▶ Problem
Look through the records below and say how many lines include "OutputSignals". Give only that number.

*** Data for the task ***

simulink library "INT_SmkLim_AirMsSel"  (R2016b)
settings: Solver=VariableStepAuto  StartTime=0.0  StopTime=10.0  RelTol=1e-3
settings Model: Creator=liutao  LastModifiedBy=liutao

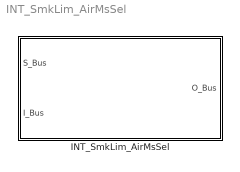
== system INT_SmkLim_AirMsSel ==
  INT_SmkLim_AirMsSel : Subsystem

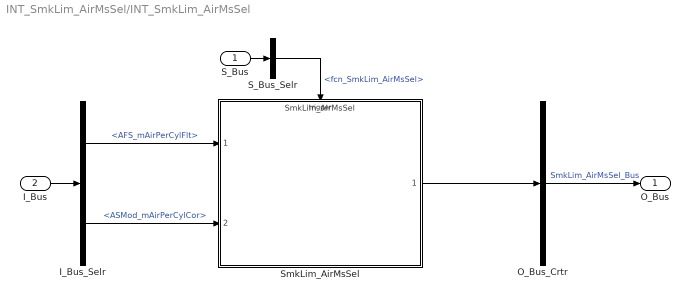
== system INT_SmkLim_AirMsSel/INT_SmkLim_AirMsSel ==
  S_Bus : Inport
  I_Bus : Inport  Port=2
  I_Bus_Selr : BusSelector  OutputSignals=AFS_mAirPerCylFlt,ASMod_mAirPerCylCor
  O_Bus_Crtr : BusCreator  Inputs=1
  S_Bus_Selr : BusSelector  OutputSignals=fcn_SmkLim_AirMsSel
  SmkLim_AirMsSel : ModelReference  ModelNameDialog=SmkLim_AirMsSel  SimulationMode=Normal  ModelReferenceVersion=1.7  TriggerPortName=function  TriggerPortTriggerType=function-call  TriggerPortStatesWhenEnabling=held
  O_Bus : Outport
  wires:
  S_Bus_Selr/1 -> SmkLim_AirMsSel/Trigger  "<fcn_SmkLim_AirMsSel>"
  S_Bus/1 -> S_Bus_Selr/1
  I_Bus/1 -> I_Bus_Selr/1
  I_Bus_Selr/1 -> SmkLim_AirMsSel/1  "<AFS_mAirPerCylFlt>"
  I_Bus_Selr/2 -> SmkLim_AirMsSel/2  "<ASMod_mAirPerCylCor>"
  O_Bus_Crtr/1 -> O_Bus/1  "SmkLim_AirMsSel_Bus"
  SmkLim_AirMsSel/1 -> O_Bus_Crtr/1

*** End of Data for the task ***

▶ Written reply
2